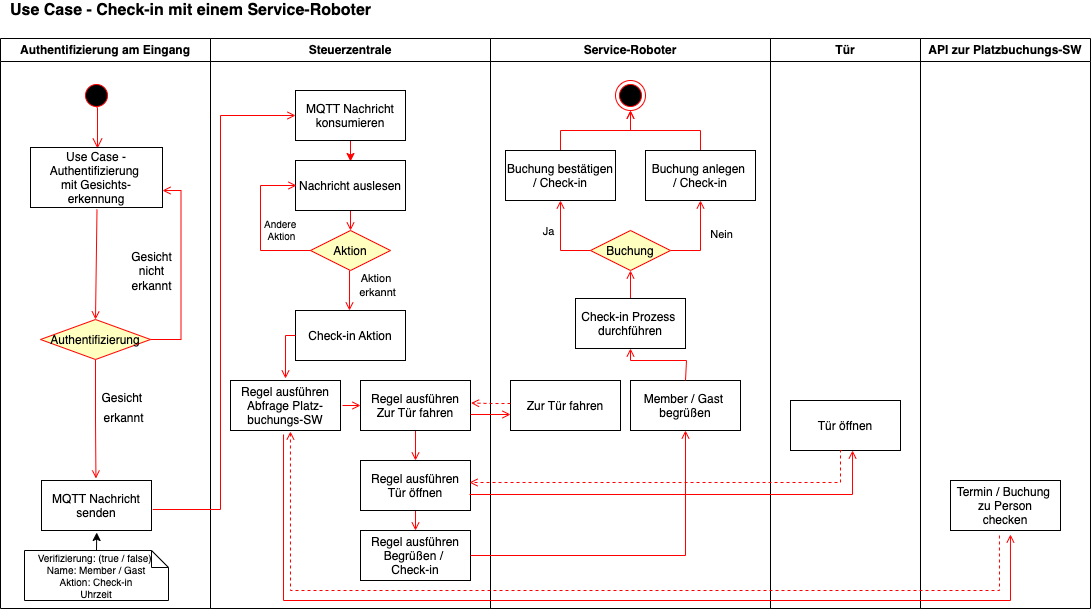

The diagram above was exported from draw.io. Its source (the exported page's mxGraphModel, read from the mxfile embedded in the PNG):
<mxGraphModel dx="1106" dy="835" grid="1" gridSize="10" guides="1" tooltips="1" connect="1" arrows="1" fold="1" page="1" pageScale="1" pageWidth="1169" pageHeight="826" background="none" math="0" shadow="0">
  <root>
    <mxCell id="0" />
    <mxCell id="1" parent="0" />
    <mxCell id="2" value="Authentifizierung am Eingang" style="swimlane;whiteSpace=wrap;fillColor=none;" parent="1" vertex="1">
      <mxGeometry x="50" y="138" width="210" height="570" as="geometry" />
    </mxCell>
    <mxCell id="5" value="" style="ellipse;shape=startState;fillColor=#000000;strokeColor=#ff0000;" parent="2" vertex="1">
      <mxGeometry x="81" y="42" width="30" height="30" as="geometry" />
    </mxCell>
    <mxCell id="6" value="" style="edgeStyle=elbowEdgeStyle;elbow=horizontal;verticalAlign=bottom;endArrow=open;endSize=8;strokeColor=#FF0000;endFill=1;rounded=0;entryX=0.508;entryY=0.017;entryDx=0;entryDy=0;entryPerimeter=0;" parent="2" target="7" edge="1">
      <mxGeometry x="81" y="39" as="geometry">
        <mxPoint x="96" y="109" as="targetPoint" />
        <mxPoint x="96" y="69" as="sourcePoint" />
      </mxGeometry>
    </mxCell>
    <mxCell id="7" value="Use Case - &#10;Authentifizierung &#10;mit Gesichts-&#10;erkennung" style="fillColor=none;" parent="2" vertex="1">
      <mxGeometry x="30" y="109" width="132" height="60" as="geometry" />
    </mxCell>
    <mxCell id="8" value="MQTT Nachricht &#10;senden" style="fillColor=none;" parent="2" vertex="1">
      <mxGeometry x="41" y="442" width="110" height="50" as="geometry" />
    </mxCell>
    <mxCell id="9" value="" style="endArrow=open;strokeColor=#FF0000;endFill=1;rounded=0;entryX=0.5;entryY=0;entryDx=0;entryDy=0;" parent="2" target="6CyiULdAC6wELWetTtoE-42" edge="1">
      <mxGeometry relative="1" as="geometry">
        <mxPoint x="96.5" y="171" as="sourcePoint" />
        <mxPoint x="96.5" y="221" as="targetPoint" />
      </mxGeometry>
    </mxCell>
    <mxCell id="6CyiULdAC6wELWetTtoE-43" style="edgeStyle=orthogonalEdgeStyle;rounded=0;orthogonalLoop=1;jettySize=auto;html=1;entryX=0.495;entryY=-0.04;entryDx=0;entryDy=0;entryPerimeter=0;fontSize=16;strokeColor=#FF0000;endArrow=open;endFill=0;" parent="2" source="6CyiULdAC6wELWetTtoE-42" target="8" edge="1">
      <mxGeometry relative="1" as="geometry" />
    </mxCell>
    <mxCell id="6CyiULdAC6wELWetTtoE-45" value="&lt;font style=&quot;font-size: 12px&quot;&gt;Gesicht &lt;br&gt;erkannt&lt;/font&gt;" style="edgeLabel;html=1;align=center;verticalAlign=middle;resizable=0;points=[];fontSize=16;labelBackgroundColor=none;" parent="6CyiULdAC6wELWetTtoE-43" vertex="1" connectable="0">
      <mxGeometry x="-0.2137" y="-1" relative="1" as="geometry">
        <mxPoint x="28" y="1" as="offset" />
      </mxGeometry>
    </mxCell>
    <mxCell id="6CyiULdAC6wELWetTtoE-49" value="Gesicht&lt;br&gt;nicht&lt;br&gt;erkannt" style="edgeStyle=orthogonalEdgeStyle;rounded=0;orthogonalLoop=1;jettySize=auto;html=1;fontSize=12;endArrow=open;endFill=0;strokeColor=#FF0000;entryX=1;entryY=0.717;entryDx=0;entryDy=0;entryPerimeter=0;exitX=1;exitY=0.5;exitDx=0;exitDy=0;labelBackgroundColor=none;" parent="2" source="6CyiULdAC6wELWetTtoE-42" target="7" edge="1">
      <mxGeometry x="0.0051" y="31" relative="1" as="geometry">
        <mxPoint x="180" y="121" as="targetPoint" />
        <Array as="points">
          <mxPoint x="180.5" y="301" />
          <mxPoint x="180.5" y="152" />
        </Array>
        <mxPoint x="1" y="1" as="offset" />
      </mxGeometry>
    </mxCell>
    <mxCell id="6CyiULdAC6wELWetTtoE-42" value="Authentifizierung" style="rhombus;fillColor=#ffffc0;strokeColor=#ff0000;" parent="2" vertex="1">
      <mxGeometry x="40" y="281" width="110" height="40" as="geometry" />
    </mxCell>
    <mxCell id="86Sk04t6dbXsuJDGqZrp-39" style="edgeStyle=orthogonalEdgeStyle;rounded=0;orthogonalLoop=1;jettySize=auto;html=1;exitX=0.5;exitY=0;exitDx=0;exitDy=0;exitPerimeter=0;entryX=0.502;entryY=1.04;entryDx=0;entryDy=0;entryPerimeter=0;" edge="1" parent="2" source="6CyiULdAC6wELWetTtoE-57" target="8">
      <mxGeometry relative="1" as="geometry" />
    </mxCell>
    <mxCell id="6CyiULdAC6wELWetTtoE-57" value="Verifizierung: (true / false) &#10;Name: Member / Gast&#10;Aktion: Check-in&#10;Uhrzeit" style="shape=note;whiteSpace=wrap;size=17;fontSize=10;fillColor=none;" parent="2" vertex="1">
      <mxGeometry x="24" y="512" width="144" height="50" as="geometry" />
    </mxCell>
    <mxCell id="3" value="Steuerzentrale" style="swimlane;whiteSpace=wrap;fillColor=none;" parent="1" vertex="1">
      <mxGeometry x="260" y="138" width="280" height="570" as="geometry" />
    </mxCell>
    <mxCell id="40p1e8zmLqZN1WiApVZE-44" style="edgeStyle=orthogonalEdgeStyle;rounded=0;orthogonalLoop=1;jettySize=auto;html=1;entryX=0.5;entryY=0;entryDx=0;entryDy=0;fontSize=10;endArrow=open;endFill=0;strokeColor=#FF0000;exitX=0.5;exitY=1;exitDx=0;exitDy=0;exitPerimeter=0;" parent="3" source="6CyiULdAC6wELWetTtoE-63" target="6CyiULdAC6wELWetTtoE-67" edge="1">
      <mxGeometry relative="1" as="geometry">
        <mxPoint x="150" y="107.5" as="sourcePoint" />
        <mxPoint x="150" y="158" as="targetPoint" />
      </mxGeometry>
    </mxCell>
    <mxCell id="86Sk04t6dbXsuJDGqZrp-43" style="edgeStyle=orthogonalEdgeStyle;rounded=0;orthogonalLoop=1;jettySize=auto;html=1;entryX=0.5;entryY=0.02;entryDx=0;entryDy=0;entryPerimeter=0;labelBackgroundColor=none;exitX=0.5;exitY=1;exitDx=0;exitDy=0;exitPerimeter=0;strokeColor=#FF0000;" edge="1" parent="3" source="33" target="6CyiULdAC6wELWetTtoE-63">
      <mxGeometry relative="1" as="geometry" />
    </mxCell>
    <mxCell id="33" value="MQTT Nachricht &#10;konsumieren" style="fillColor=none;" parent="3" vertex="1">
      <mxGeometry x="85" y="52" width="110" height="50" as="geometry" />
    </mxCell>
    <mxCell id="6CyiULdAC6wELWetTtoE-60" value="Check-in Aktion" style="fillColor=none;" parent="3" vertex="1">
      <mxGeometry x="85" y="272" width="110" height="50" as="geometry" />
    </mxCell>
    <mxCell id="6CyiULdAC6wELWetTtoE-63" value="Nachricht auslesen" style="fillColor=none;" parent="3" vertex="1">
      <mxGeometry x="85" y="122" width="110" height="50" as="geometry" />
    </mxCell>
    <mxCell id="6CyiULdAC6wELWetTtoE-67" value="Aktion" style="rhombus;fillColor=#ffffc0;strokeColor=#ff0000;" parent="3" vertex="1">
      <mxGeometry x="100" y="192" width="80" height="40" as="geometry" />
    </mxCell>
    <mxCell id="40p1e8zmLqZN1WiApVZE-56" style="edgeStyle=orthogonalEdgeStyle;rounded=0;orthogonalLoop=1;jettySize=auto;html=1;entryX=0.5;entryY=0;entryDx=0;entryDy=0;entryPerimeter=0;startArrow=none;startFill=0;endArrow=open;endFill=0;strokeColor=#FF0000;exitX=0.5;exitY=1;exitDx=0;exitDy=0;exitPerimeter=0;" parent="3" source="40p1e8zmLqZN1WiApVZE-40" target="40p1e8zmLqZN1WiApVZE-54" edge="1">
      <mxGeometry relative="1" as="geometry" />
    </mxCell>
    <mxCell id="40p1e8zmLqZN1WiApVZE-40" value="Regel ausführen &#10;Zur Tür fahren" style="fillColor=none;" parent="3" vertex="1">
      <mxGeometry x="150" y="342" width="110" height="50" as="geometry" />
    </mxCell>
    <mxCell id="40p1e8zmLqZN1WiApVZE-41" value="Regel ausführen &#10;Abfrage Platz-&#10;buchungs-SW" style="fillColor=none;" parent="3" vertex="1">
      <mxGeometry x="20" y="342" width="110" height="50" as="geometry" />
    </mxCell>
    <mxCell id="6CyiULdAC6wELWetTtoE-73" style="edgeStyle=orthogonalEdgeStyle;rounded=0;orthogonalLoop=1;jettySize=auto;html=1;fontSize=10;endArrow=open;endFill=0;strokeColor=#FF0000;entryX=0.009;entryY=0.5;entryDx=0;entryDy=0;entryPerimeter=0;exitX=0;exitY=0.5;exitDx=0;exitDy=0;" parent="3" source="6CyiULdAC6wELWetTtoE-67" target="6CyiULdAC6wELWetTtoE-63" edge="1">
      <mxGeometry relative="1" as="geometry">
        <mxPoint x="60" y="152" as="targetPoint" />
        <Array as="points">
          <mxPoint x="50" y="212" />
          <mxPoint x="50" y="147" />
        </Array>
      </mxGeometry>
    </mxCell>
    <mxCell id="6CyiULdAC6wELWetTtoE-74" value="Andere &lt;br&gt;Aktion" style="edgeLabel;html=1;align=center;verticalAlign=middle;resizable=0;points=[];fontSize=10;labelBackgroundColor=none;" parent="6CyiULdAC6wELWetTtoE-73" vertex="1" connectable="0">
      <mxGeometry x="-0.0375" relative="1" as="geometry">
        <mxPoint x="20" y="1" as="offset" />
      </mxGeometry>
    </mxCell>
    <mxCell id="40p1e8zmLqZN1WiApVZE-45" style="edgeStyle=orthogonalEdgeStyle;rounded=0;orthogonalLoop=1;jettySize=auto;html=1;entryX=0.5;entryY=0;entryDx=0;entryDy=0;entryPerimeter=0;fontSize=10;endArrow=open;endFill=0;strokeColor=#FF0000;exitX=0.5;exitY=1;exitDx=0;exitDy=0;" parent="3" edge="1">
      <mxGeometry relative="1" as="geometry">
        <mxPoint x="139" y="232" as="sourcePoint" />
        <mxPoint x="139" y="272" as="targetPoint" />
      </mxGeometry>
    </mxCell>
    <mxCell id="40p1e8zmLqZN1WiApVZE-51" value="Aktion &lt;br&gt;erkannt" style="edgeLabel;html=1;align=center;verticalAlign=middle;resizable=0;points=[];labelBackgroundColor=none;" parent="40p1e8zmLqZN1WiApVZE-45" vertex="1" connectable="0">
      <mxGeometry x="-0.0667" y="2" relative="1" as="geometry">
        <mxPoint x="25" y="-5" as="offset" />
      </mxGeometry>
    </mxCell>
    <mxCell id="40p1e8zmLqZN1WiApVZE-46" style="edgeStyle=orthogonalEdgeStyle;rounded=0;orthogonalLoop=1;jettySize=auto;html=1;fontSize=10;endArrow=open;endFill=0;strokeColor=#FF0000;exitX=1.018;exitY=0.5;exitDx=0;exitDy=0;exitPerimeter=0;entryX=0;entryY=0.5;entryDx=0;entryDy=0;entryPerimeter=0;" parent="3" source="40p1e8zmLqZN1WiApVZE-41" target="40p1e8zmLqZN1WiApVZE-40" edge="1">
      <mxGeometry relative="1" as="geometry">
        <mxPoint x="170" y="127.5" as="sourcePoint" />
        <mxPoint x="141" y="382" as="targetPoint" />
      </mxGeometry>
    </mxCell>
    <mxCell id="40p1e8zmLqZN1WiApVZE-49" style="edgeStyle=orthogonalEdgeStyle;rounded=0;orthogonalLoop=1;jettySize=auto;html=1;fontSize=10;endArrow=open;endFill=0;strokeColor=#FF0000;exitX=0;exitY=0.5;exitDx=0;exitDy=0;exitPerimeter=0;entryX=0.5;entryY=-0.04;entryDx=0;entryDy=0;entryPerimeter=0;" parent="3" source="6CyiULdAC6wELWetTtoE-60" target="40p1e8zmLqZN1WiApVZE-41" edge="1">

+ + + + +

• EXERCISE DESCRIPTION
Pull out every line in the material above where "labelBackgroundColor" occurs.

• WRITTEN REPLY
    <mxCell id="6CyiULdAC6wELWetTtoE-45" value="&lt;font style=&quot;font-size: 12px&quot;&gt;Gesicht &lt;br&gt;erkannt&lt;/font&gt;" style="edgeLabel;html=1;align=center;verticalAlign=middle;resizable=0;points=[];fontSize=16;labelBackgroundColor=none;" parent="6CyiULdAC6wELWetTtoE-43" vertex="1" connectable="0">
    <mxCell id="6CyiULdAC6wELWetTtoE-49" value="Gesicht&lt;br&gt;nicht&lt;br&gt;erkannt" style="edgeStyle=orthogonalEdgeStyle;rounded=0;orthogonalLoop=1;jettySize=auto;html=1;fontSize=12;endArrow=open;endFill=0;strokeColor=#FF0000;entryX=1;entryY=0.717;entryDx=0;entryDy=0;entryPerimeter=0;exitX=1;exitY=0.5;exitDx=0;exitDy=0;labelBackgroundColor=none;" parent="2" source="6CyiULdAC6wELWetTtoE-42" target="7" edge="1">
    <mxCell id="86Sk04t6dbXsuJDGqZrp-43" style="edgeStyle=orthogonalEdgeStyle;rounded=0;orthogonalLoop=1;jettySize=auto;html=1;entryX=0.5;entryY=0.02;entryDx=0;entryDy=0;entryPerimeter=0;labelBackgroundColor=none;exitX=0.5;exitY=1;exitDx=0;exitDy=0;exitPerimeter=0;strokeColor=#FF0000;" edge="1" parent="3" source="33" target="6CyiULdAC6wELWetTtoE-63">
    <mxCell id="6CyiULdAC6wELWetTtoE-74" value="Andere &lt;br&gt;Aktion" style="edgeLabel;html=1;align=center;verticalAlign=middle;resizable=0;points=[];fontSize=10;labelBackgroundColor=none;" parent="6CyiULdAC6wELWetTtoE-73" vertex="1" connectable="0">
    <mxCell id="40p1e8zmLqZN1WiApVZE-51" value="Aktion &lt;br&gt;erkannt" style="edgeLabel;html=1;align=center;verticalAlign=middle;resizable=0;points=[];labelBackgroundColor=none;" parent="40p1e8zmLqZN1WiApVZE-45" vertex="1" connectable="0">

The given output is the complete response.